Measurement of cytokines by ribonuclease protection assay (RPA) and real-time PCR

RNA was isolated from antigen-primed or control LNC by Trizol reagent (Invitrogen, Frederick, MD). The purity and quantity of RNA was estimated by reading the absorbance of purified RNA in a spectrophotometer at 260 and 280 nm. A) RPA: RPA was then performed using rat template sets (rCK1, 2, and 3) according to the manufacturer’s instructions (BD Pharmingen, San Diego, CA) [40, 41]. Probes labeled with α-32P-uridine triphosphate (8 × 105 cpm) were hybridized with total RNA (10 μg) prepared from LNC. The hybridized RNA were treated with RNase A and T1, and then run on a 5% urea-polyacrylamide-bisacrylamide (19: 1) gel. The expression of cytokines was quantified by phosphor imaging using L32 (a housekeeping gene: ribosomal protein L32) as a standard, and the results were presented as ‘normalized total pixel’. B) Real-time PCR: RNA was reverse transcribed using the iScript cDNA synthesis kit (Bio-Rad Laboratories, Hercules, CA), and the resulting cDNA was tested in a quantitative real-time PCR assay using SYBR Green PCR Master Mix (Applied Biosystems, Foster City, CA) and ABI Prism 7900HT cycler (Applied Biosystems, Foster City, CA). Appropriate primers (synthesized at the Biopolymer Core Facility, UMB, Baltimore, MD) using the Primer Express 2.0 Program (Applied Biosystems, Foster City, CA) were designed for the detection of mRNAs for IL-17, IL-23, and glyceraldehyde-3-phosphate dehydrogenase (GAPDH). The expression of cytokines was standardized against GAPDH expression, and the results were presented as ‘relative gene expression.’ The sequence of PCR primers was as follows: IL-17, forward: ttccatccatgtgcctgatg; IL-17, reverse: ctcggcgtttggacacact; IL-23, forward: aggtctcaaggacaacagcca; IL-23, reverse: aaggctcccctgtgaagatgt.

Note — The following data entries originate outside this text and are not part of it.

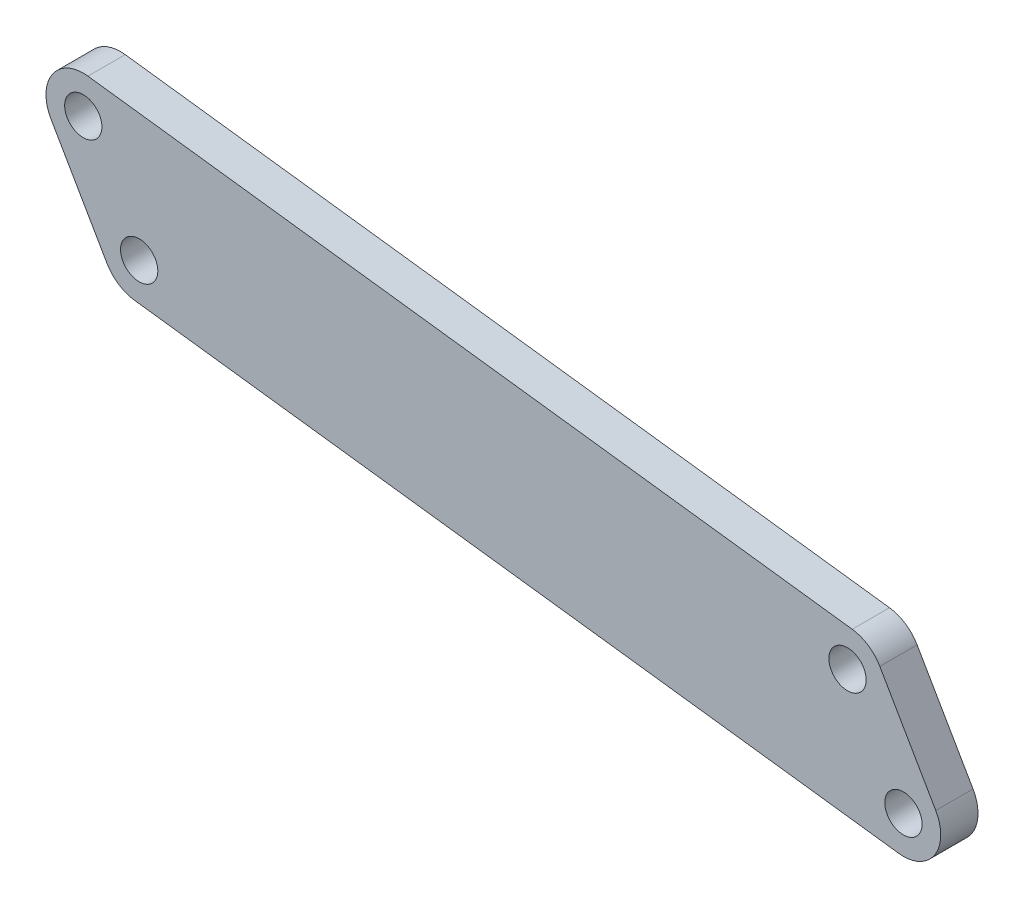
ISO-10303-21;
HEADER;
FILE_DESCRIPTION(('STEP AP214'),'2;1');
FILE_NAME('part.step','',(''),(''),'','','');
FILE_SCHEMA(('AUTOMOTIVE_DESIGN { 1 0 10303 214 1 1 1 1 }'));
ENDSEC;
DATA;
#1=APPLICATION_CONTEXT('core data for automotive mechanical design processes');
#2=APPLICATION_PROTOCOL_DEFINITION('international standard','automotive_design',2000,#1);
#3=PRODUCT_CONTEXT('',#1,'mechanical');
#4=PRODUCT('Part','Part','',(#3));
#5=PRODUCT_RELATED_PRODUCT_CATEGORY('part','',(#4));
#6=PRODUCT_DEFINITION_FORMATION('','',#4);
#7=PRODUCT_DEFINITION_CONTEXT('part definition',#1,'design');
#8=PRODUCT_DEFINITION('design','',#6,#7);
#9=PRODUCT_DEFINITION_SHAPE('','',#8);
#10=(LENGTH_UNIT() NAMED_UNIT(*) SI_UNIT(.MILLI.,.METRE.));
#11=(NAMED_UNIT(*) PLANE_ANGLE_UNIT() SI_UNIT($,.RADIAN.));
#12=(NAMED_UNIT(*) SI_UNIT($,.STERADIAN.) SOLID_ANGLE_UNIT());
#13=UNCERTAINTY_MEASURE_WITH_UNIT(LENGTH_MEASURE(1.E-05),#10,'distance_accuracy_value','');
#14=(GEOMETRIC_REPRESENTATION_CONTEXT(3) GLOBAL_UNCERTAINTY_ASSIGNED_CONTEXT((#13)) GLOBAL_UNIT_ASSIGNED_CONTEXT((#10,
#11,#12)) REPRESENTATION_CONTEXT('',''));
#15=CARTESIAN_POINT('',(0.,0.,0.));
#16=DIRECTION('',(0.,0.,1.));
#17=DIRECTION('',(1.,0.,0.));
#18=AXIS2_PLACEMENT_3D('',#15,#16,#17);
#19=CARTESIAN_POINT('',(-57.,0.,3.));
#20=DIRECTION('',(0.,0.,1.));
#21=DIRECTION('',(1.,0.,0.));
#22=AXIS2_PLACEMENT_3D('',#19,#20,#21);
#23=PLANE('',#22);
#24=CARTESIAN_POINT('',(0.,0.,3.));
#25=DIRECTION('',(0.,0.,1.));
#26=DIRECTION('',(1.,0.,0.));
#27=AXIS2_PLACEMENT_3D('',#24,#25,#26);
#28=CIRCLE('',#27,1.5);
#29=CARTESIAN_POINT('',(1.5,0.,3.));
#30=VERTEX_POINT('',#29);
#31=EDGE_CURVE('E221',#30,#30,#28,.T.);
#32=ORIENTED_EDGE('',*,*,#31,.F.);
#33=EDGE_LOOP('',(#32));
#34=FACE_BOUND('',#33,.T.);
#35=CARTESIAN_POINT('',(-57.,0.,3.));
#36=DIRECTION('',(0.,0.,1.));
#37=DIRECTION('',(1.,0.,0.));
#38=AXIS2_PLACEMENT_3D('',#35,#36,#37);
#39=CIRCLE('',#38,1.5);
#40=CARTESIAN_POINT('',(-55.5,0.,3.));
#41=VERTEX_POINT('',#40);
#42=EDGE_CURVE('E146',#41,#41,#39,.T.);
#43=ORIENTED_EDGE('',*,*,#42,.F.);
#44=EDGE_LOOP('',(#43));
#45=FACE_BOUND('',#44,.T.);
#46=CARTESIAN_POINT('',(-57.,0.,3.));
#47=DIRECTION('',(0.,0.,1.));
#48=DIRECTION('',(1.,0.,0.));
#49=AXIS2_PLACEMENT_3D('',#46,#47,#48);
#50=CIRCLE('',#49,3.);
#51=CARTESIAN_POINT('',(-59.5980762113533,-1.5,3.));
#52=VERTEX_POINT('',#51);
#53=CARTESIAN_POINT('',(-57.3771891604533,-2.97619359874935,3.));
#54=VERTEX_POINT('',#53);
#55=EDGE_CURVE('E164',#52,#54,#50,.T.);
#56=ORIENTED_EDGE('',*,*,#55,.T.);
#57=DIRECTION('',(0.992064532916446,-0.1257297201511,0.));
#58=VECTOR('',#57,1.);
#59=CARTESIAN_POINT('',(4.12281083954674,-10.7704222328093,3.));
#60=LINE('',#59,#58);
#61=CARTESIAN_POINT('',(4.12281083954674,-10.7704222328093,3.));
#62=VERTEX_POINT('',#61);
#63=EDGE_CURVE('E100',#54,#62,#60,.T.);
#64=ORIENTED_EDGE('',*,*,#63,.T.);
#65=CARTESIAN_POINT('',(4.50000000000004,-7.79422863405993,3.));
#66=DIRECTION('',(0.,0.,1.));
#67=DIRECTION('',(1.,0.,0.));
#68=AXIS2_PLACEMENT_3D('',#65,#66,#67);
#69=CIRCLE('',#68,3.);
#70=CARTESIAN_POINT('',(7.09807621135335,-6.29422863405991,3.));
#71=VERTEX_POINT('',#70);
#72=EDGE_CURVE('E185',#62,#71,#69,.T.);
#73=ORIENTED_EDGE('',*,*,#72,.T.);
#74=DIRECTION('',(-0.500000000000004,0.866025403784436,0.));
#75=VECTOR('',#74,1.);
#76=CARTESIAN_POINT('',(2.59807621135331,1.50000000000001,3.));
#77=LINE('',#76,#75);
#78=CARTESIAN_POINT('',(2.59807621135331,1.50000000000001,3.));
#79=VERTEX_POINT('',#78);
#80=EDGE_CURVE('E199',#71,#79,#77,.T.);
#81=ORIENTED_EDGE('',*,*,#80,.T.);
#82=CARTESIAN_POINT('',(0.,0.,3.));
#83=DIRECTION('',(0.,0.,1.));
#84=DIRECTION('',(1.,0.,0.));
#85=AXIS2_PLACEMENT_3D('',#82,#83,#84);
#86=CIRCLE('',#85,3.);
#87=CARTESIAN_POINT('',(0.377189160453301,2.97619359874934,3.));
#88=VERTEX_POINT('',#87);
#89=EDGE_CURVE('E119',#79,#88,#86,.T.);
#90=ORIENTED_EDGE('',*,*,#89,.T.);
#91=DIRECTION('',(-0.992064532916446,0.1257297201511,0.));
#92=VECTOR('',#91,1.);
#93=CARTESIAN_POINT('',(-61.1228108395467,10.7704222328093,3.));
#94=LINE('',#93,#92);
#95=CARTESIAN_POINT('',(-61.1228108395467,10.7704222328093,3.));
#96=VERTEX_POINT('',#95);
#97=EDGE_CURVE('E113',#88,#96,#94,.T.);
#98=ORIENTED_EDGE('',*,*,#97,.T.);
#99=CARTESIAN_POINT('',(-61.5,7.79422863405996,3.));
#100=DIRECTION('',(0.,0.,1.));
#101=DIRECTION('',(1.,0.,0.));
#102=AXIS2_PLACEMENT_3D('',#99,#100,#101);
#103=CIRCLE('',#102,3.);
#104=CARTESIAN_POINT('',(-64.0980762113533,6.29422863405996,3.));
#105=VERTEX_POINT('',#104);
#106=EDGE_CURVE('E117',#96,#105,#103,.T.);
#107=ORIENTED_EDGE('',*,*,#106,.T.);
#108=DIRECTION('',(0.499999999999998,-0.86602540378444,0.));
#109=VECTOR('',#108,1.);
#110=CARTESIAN_POINT('',(-59.5980762113533,-1.5,3.));
#111=LINE('',#110,#109);
#112=EDGE_CURVE('E57',#105,#52,#111,.T.);
#113=ORIENTED_EDGE('',*,*,#112,.T.);
#114=EDGE_LOOP('',(#56,#64,#73,#81,#90,#98,#107,#113));
#115=FACE_BOUND('',#114,.T.);
#116=CARTESIAN_POINT('',(-61.5,7.79422863405996,3.));
#117=DIRECTION('',(0.,0.,1.));
#118=DIRECTION('',(1.,0.,0.));
#119=AXIS2_PLACEMENT_3D('',#116,#117,#118);
#120=CIRCLE('',#119,1.5);
#121=CARTESIAN_POINT('',(-60.,7.79422863405996,3.));
#122=VERTEX_POINT('',#121);
#123=EDGE_CURVE('E213',#122,#122,#120,.T.);
#124=ORIENTED_EDGE('',*,*,#123,.F.);
#125=EDGE_LOOP('',(#124));
#126=FACE_BOUND('',#125,.T.);
#127=CARTESIAN_POINT('',(4.50000000000004,-7.79422863405993,3.));
#128=DIRECTION('',(0.,0.,1.));
#129=DIRECTION('',(1.,0.,0.));
#130=AXIS2_PLACEMENT_3D('',#127,#128,#129);
#131=CIRCLE('',#130,1.5);
#132=CARTESIAN_POINT('',(6.00000000000004,-7.79422863405993,3.));
#133=VERTEX_POINT('',#132);
#134=EDGE_CURVE('E229',#133,#133,#131,.T.);
#135=ORIENTED_EDGE('',*,*,#134,.F.);
#136=EDGE_LOOP('',(#135));
#137=FACE_BOUND('',#136,.T.);
#138=ADVANCED_FACE('F39',(#34,#45,#115,#126,#137),#23,.T.);
#139=CARTESIAN_POINT('',(-57.,0.,0.));
#140=DIRECTION('',(0.,0.,1.));
#141=DIRECTION('',(1.,0.,0.));
#142=AXIS2_PLACEMENT_3D('',#139,#140,#141);
#143=PLANE('',#142);
#144=CARTESIAN_POINT('',(-57.,0.,0.));
#145=DIRECTION('',(0.,0.,1.));
#146=DIRECTION('',(1.,0.,0.));
#147=AXIS2_PLACEMENT_3D('',#144,#145,#146);
#148=CIRCLE('',#147,3.);
#149=CARTESIAN_POINT('',(-59.5980762113533,-1.5,0.));
#150=VERTEX_POINT('',#149);
#151=CARTESIAN_POINT('',(-57.3771891604533,-2.97619359874935,0.));
#152=VERTEX_POINT('',#151);
#153=EDGE_CURVE('E141',#150,#152,#148,.T.);
#154=ORIENTED_EDGE('',*,*,#153,.F.);
#155=DIRECTION('',(0.499999999999998,-0.86602540378444,0.));
#156=VECTOR('',#155,1.);
#157=CARTESIAN_POINT('',(-59.5980762113533,-1.5,0.));
#158=LINE('',#157,#156);
#159=CARTESIAN_POINT('',(-64.0980762113533,6.29422863405996,0.));
#160=VERTEX_POINT('',#159);
#161=EDGE_CURVE('E92',#160,#150,#158,.T.);
#162=ORIENTED_EDGE('',*,*,#161,.F.);
#163=CARTESIAN_POINT('',(-61.5,7.79422863405996,0.));
#164=DIRECTION('',(0.,0.,1.));
#165=DIRECTION('',(1.,0.,0.));
#166=AXIS2_PLACEMENT_3D('',#163,#164,#165);
#167=CIRCLE('',#166,3.);
#168=CARTESIAN_POINT('',(-61.1228108395467,10.7704222328093,0.));
#169=VERTEX_POINT('',#168);
#170=EDGE_CURVE('E86',#169,#160,#167,.T.);
#171=ORIENTED_EDGE('',*,*,#170,.F.);
#172=DIRECTION('',(-0.992064532916446,0.1257297201511,0.));
#173=VECTOR('',#172,1.);
#174=CARTESIAN_POINT('',(-61.1228108395467,10.7704222328093,0.));
#175=LINE('',#174,#173);
#176=CARTESIAN_POINT('',(0.377189160453301,2.97619359874934,0.));
#177=VERTEX_POINT('',#176);
#178=EDGE_CURVE('E128',#177,#169,#175,.T.);
#179=ORIENTED_EDGE('',*,*,#178,.F.);
#180=CARTESIAN_POINT('',(0.,0.,0.));
#181=DIRECTION('',(0.,0.,1.));
#182=DIRECTION('',(1.,0.,0.));
#183=AXIS2_PLACEMENT_3D('',#180,#181,#182);
#184=CIRCLE('',#183,3.);
#185=CARTESIAN_POINT('',(2.59807621135331,1.50000000000001,0.));
#186=VERTEX_POINT('',#185);
#187=EDGE_CURVE('E155',#186,#177,#184,.T.);
#188=ORIENTED_EDGE('',*,*,#187,.F.);
#189=DIRECTION('',(-0.500000000000004,0.866025403784436,0.));
#190=VECTOR('',#189,1.);
#191=CARTESIAN_POINT('',(2.59807621135331,1.50000000000001,0.));
#192=LINE('',#191,#190);
#193=CARTESIAN_POINT('',(7.09807621135335,-6.29422863405991,0.));
#194=VERTEX_POINT('',#193);
#195=EDGE_CURVE('E152',#194,#186,#192,.T.);
#196=ORIENTED_EDGE('',*,*,#195,.F.);
#197=CARTESIAN_POINT('',(4.50000000000004,-7.79422863405993,0.));
#198=DIRECTION('',(0.,0.,1.));
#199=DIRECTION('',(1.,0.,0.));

Pre-treatment of LEW rats with R465 and its effect on subsequent AA

Antigen (R465 or HEL) was emulsified in IFA and then used for s.c. immunization (200 ug/rat) of LEW rats. After 2 wk, these rats were injected with heat-killed Mtb for the induction of AA as described above. Thereafter, all rats were scored regularly for the severity of arthritis. The difference in the arthritic scores of the experimental (R465-treated) and control (HEL-treated) group of rats were analyzed statistically.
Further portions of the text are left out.